Supplied data |
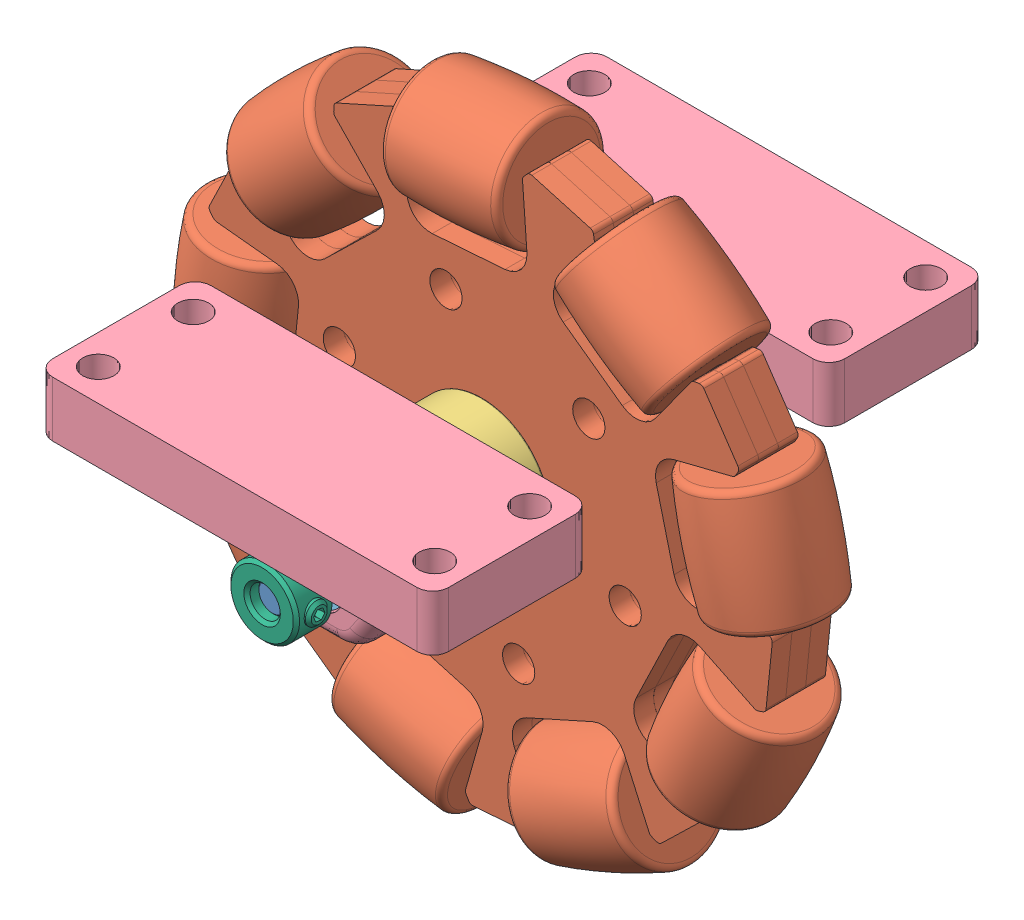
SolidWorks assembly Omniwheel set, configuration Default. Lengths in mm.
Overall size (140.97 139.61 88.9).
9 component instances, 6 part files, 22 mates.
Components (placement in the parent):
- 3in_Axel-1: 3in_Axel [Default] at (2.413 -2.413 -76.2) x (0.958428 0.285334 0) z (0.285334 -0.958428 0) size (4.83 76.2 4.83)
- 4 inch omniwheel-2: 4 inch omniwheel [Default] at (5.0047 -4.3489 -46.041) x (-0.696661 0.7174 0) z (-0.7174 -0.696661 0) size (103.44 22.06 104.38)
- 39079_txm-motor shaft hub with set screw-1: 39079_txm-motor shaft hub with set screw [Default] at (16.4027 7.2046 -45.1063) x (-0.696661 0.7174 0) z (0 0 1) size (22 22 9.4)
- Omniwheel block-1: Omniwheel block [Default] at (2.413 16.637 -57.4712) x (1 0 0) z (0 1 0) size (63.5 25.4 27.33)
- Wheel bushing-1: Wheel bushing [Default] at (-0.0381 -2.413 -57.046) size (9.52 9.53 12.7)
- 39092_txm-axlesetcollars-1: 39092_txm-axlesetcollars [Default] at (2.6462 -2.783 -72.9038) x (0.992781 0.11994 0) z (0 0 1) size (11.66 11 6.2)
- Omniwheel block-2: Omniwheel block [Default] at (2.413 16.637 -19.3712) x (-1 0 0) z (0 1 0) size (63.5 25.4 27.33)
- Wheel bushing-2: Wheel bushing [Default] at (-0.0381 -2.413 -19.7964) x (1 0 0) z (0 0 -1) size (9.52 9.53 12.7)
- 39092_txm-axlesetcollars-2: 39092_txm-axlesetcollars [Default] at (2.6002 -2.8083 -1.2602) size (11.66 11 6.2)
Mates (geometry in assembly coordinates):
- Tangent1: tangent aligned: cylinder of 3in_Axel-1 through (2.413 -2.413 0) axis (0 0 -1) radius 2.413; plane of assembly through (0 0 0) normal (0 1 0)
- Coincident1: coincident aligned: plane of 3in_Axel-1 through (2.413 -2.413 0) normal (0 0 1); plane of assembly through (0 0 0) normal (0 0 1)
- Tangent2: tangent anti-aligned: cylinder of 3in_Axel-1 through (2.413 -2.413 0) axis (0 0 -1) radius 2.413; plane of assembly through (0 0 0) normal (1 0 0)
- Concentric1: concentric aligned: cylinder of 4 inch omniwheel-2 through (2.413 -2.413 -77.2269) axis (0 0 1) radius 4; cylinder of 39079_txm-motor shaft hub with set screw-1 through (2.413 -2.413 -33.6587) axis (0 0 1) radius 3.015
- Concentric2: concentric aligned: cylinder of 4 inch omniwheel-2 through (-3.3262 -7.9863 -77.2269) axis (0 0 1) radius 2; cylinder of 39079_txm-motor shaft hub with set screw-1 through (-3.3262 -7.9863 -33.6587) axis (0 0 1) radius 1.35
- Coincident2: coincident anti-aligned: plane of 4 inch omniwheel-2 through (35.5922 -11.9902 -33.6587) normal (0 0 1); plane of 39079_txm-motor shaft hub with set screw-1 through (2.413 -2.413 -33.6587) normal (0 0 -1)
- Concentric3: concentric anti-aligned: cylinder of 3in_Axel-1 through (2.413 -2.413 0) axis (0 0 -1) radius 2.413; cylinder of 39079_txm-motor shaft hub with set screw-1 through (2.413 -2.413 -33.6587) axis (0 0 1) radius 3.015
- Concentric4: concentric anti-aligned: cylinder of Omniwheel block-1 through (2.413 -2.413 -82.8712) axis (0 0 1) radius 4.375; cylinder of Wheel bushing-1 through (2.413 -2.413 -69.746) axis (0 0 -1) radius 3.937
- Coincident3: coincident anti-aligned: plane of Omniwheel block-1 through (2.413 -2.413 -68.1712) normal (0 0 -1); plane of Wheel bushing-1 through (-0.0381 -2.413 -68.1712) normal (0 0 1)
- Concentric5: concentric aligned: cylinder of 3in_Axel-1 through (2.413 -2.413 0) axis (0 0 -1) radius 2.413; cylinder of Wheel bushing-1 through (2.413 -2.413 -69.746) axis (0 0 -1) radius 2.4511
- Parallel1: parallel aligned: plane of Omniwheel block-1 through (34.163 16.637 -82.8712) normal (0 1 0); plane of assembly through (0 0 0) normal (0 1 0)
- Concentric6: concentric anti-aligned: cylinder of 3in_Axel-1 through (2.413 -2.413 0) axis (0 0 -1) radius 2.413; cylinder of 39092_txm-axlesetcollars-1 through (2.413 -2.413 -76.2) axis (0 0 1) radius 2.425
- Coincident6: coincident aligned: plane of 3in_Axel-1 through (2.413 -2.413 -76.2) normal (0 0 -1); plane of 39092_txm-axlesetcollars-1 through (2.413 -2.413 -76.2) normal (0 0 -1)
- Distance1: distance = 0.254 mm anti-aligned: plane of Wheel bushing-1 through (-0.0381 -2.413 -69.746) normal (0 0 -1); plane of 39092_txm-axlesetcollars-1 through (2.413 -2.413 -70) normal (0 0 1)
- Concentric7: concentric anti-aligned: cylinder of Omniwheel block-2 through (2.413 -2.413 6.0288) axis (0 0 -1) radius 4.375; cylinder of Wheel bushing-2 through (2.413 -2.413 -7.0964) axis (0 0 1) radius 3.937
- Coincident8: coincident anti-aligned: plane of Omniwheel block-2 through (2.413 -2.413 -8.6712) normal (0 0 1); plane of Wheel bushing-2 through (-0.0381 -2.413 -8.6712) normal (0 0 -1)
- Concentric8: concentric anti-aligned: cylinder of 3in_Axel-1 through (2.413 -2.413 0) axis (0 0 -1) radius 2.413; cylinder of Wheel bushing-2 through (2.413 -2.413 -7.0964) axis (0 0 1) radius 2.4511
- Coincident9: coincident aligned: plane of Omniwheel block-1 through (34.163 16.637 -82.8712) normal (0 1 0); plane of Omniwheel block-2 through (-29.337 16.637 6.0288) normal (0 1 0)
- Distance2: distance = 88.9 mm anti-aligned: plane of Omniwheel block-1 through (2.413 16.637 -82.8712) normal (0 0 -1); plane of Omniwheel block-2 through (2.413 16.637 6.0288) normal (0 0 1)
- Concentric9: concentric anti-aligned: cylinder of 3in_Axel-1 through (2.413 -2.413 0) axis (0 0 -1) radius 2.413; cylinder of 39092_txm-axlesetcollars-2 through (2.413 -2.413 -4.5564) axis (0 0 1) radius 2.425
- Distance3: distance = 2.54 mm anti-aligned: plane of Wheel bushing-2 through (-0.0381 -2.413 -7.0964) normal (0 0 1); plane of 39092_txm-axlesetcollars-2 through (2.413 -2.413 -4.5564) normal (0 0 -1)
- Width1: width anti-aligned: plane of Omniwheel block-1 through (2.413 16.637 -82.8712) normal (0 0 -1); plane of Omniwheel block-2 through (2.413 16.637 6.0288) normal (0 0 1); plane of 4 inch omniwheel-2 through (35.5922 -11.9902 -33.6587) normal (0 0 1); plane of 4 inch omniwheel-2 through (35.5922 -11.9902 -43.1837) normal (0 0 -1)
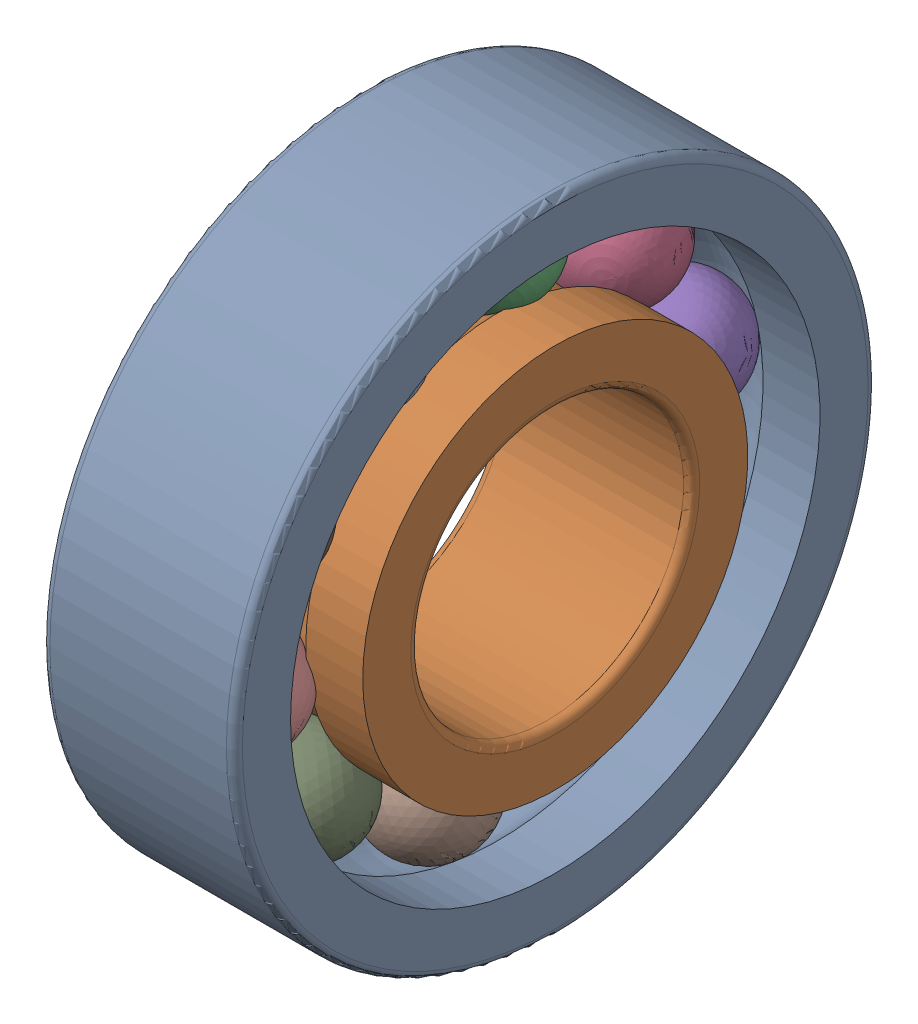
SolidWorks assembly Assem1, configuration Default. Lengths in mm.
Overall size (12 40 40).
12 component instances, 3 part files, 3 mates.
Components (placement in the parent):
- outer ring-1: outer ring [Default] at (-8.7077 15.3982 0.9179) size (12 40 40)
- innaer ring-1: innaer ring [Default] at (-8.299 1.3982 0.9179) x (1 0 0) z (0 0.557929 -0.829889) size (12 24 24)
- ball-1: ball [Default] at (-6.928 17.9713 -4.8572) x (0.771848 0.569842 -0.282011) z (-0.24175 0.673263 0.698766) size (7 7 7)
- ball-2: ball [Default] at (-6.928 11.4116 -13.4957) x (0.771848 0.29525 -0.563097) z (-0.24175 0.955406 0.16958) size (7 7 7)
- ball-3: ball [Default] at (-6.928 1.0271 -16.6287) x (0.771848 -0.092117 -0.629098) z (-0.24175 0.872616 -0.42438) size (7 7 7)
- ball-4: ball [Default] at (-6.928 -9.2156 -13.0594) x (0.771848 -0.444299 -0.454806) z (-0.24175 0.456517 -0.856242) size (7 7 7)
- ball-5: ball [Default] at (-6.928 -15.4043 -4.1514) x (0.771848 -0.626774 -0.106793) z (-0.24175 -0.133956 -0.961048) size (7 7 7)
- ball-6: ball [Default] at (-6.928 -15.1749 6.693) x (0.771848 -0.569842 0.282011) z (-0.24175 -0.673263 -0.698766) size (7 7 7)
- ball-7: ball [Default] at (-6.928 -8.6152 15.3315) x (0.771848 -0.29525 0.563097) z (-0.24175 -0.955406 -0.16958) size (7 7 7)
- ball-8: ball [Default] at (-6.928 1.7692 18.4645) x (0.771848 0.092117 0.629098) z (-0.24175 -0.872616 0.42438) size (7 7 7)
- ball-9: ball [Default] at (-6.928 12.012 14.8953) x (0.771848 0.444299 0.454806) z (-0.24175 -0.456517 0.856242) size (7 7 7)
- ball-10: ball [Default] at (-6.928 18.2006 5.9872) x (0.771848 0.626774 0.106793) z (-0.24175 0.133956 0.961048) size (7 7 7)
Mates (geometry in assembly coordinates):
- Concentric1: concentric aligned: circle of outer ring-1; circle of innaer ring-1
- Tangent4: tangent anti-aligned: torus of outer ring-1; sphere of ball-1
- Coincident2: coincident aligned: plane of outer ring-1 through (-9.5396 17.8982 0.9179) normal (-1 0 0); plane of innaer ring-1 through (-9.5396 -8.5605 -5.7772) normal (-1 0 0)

Your assignment | From the records above, print only the lines between the one holding "- 3in_Axel-1: 3in_Axel" and the one holding "- 39079_txm-motor shaft", inclusive, exactly as they stand.

Output for this exercise |
- 3in_Axel-1: 3in_Axel [Default] at (2.413 -2.413 -76.2) x (0.958428 0.285334 0) z (0.285334 -0.958428 0) size (4.83 76.2 4.83)
- 4 inch omniwheel-2: 4 inch omniwheel [Default] at (5.0047 -4.3489 -46.041) x (-0.696661 0.7174 0) z (-0.7174 -0.696661 0) size (103.44 22.06 104.38)
- 39079_txm-motor shaft hub with set screw-1: 39079_txm-motor shaft hub with set screw [Default] at (16.4027 7.2046 -45.1063) x (-0.696661 0.7174 0) z (0 0 1) size (22 22 9.4)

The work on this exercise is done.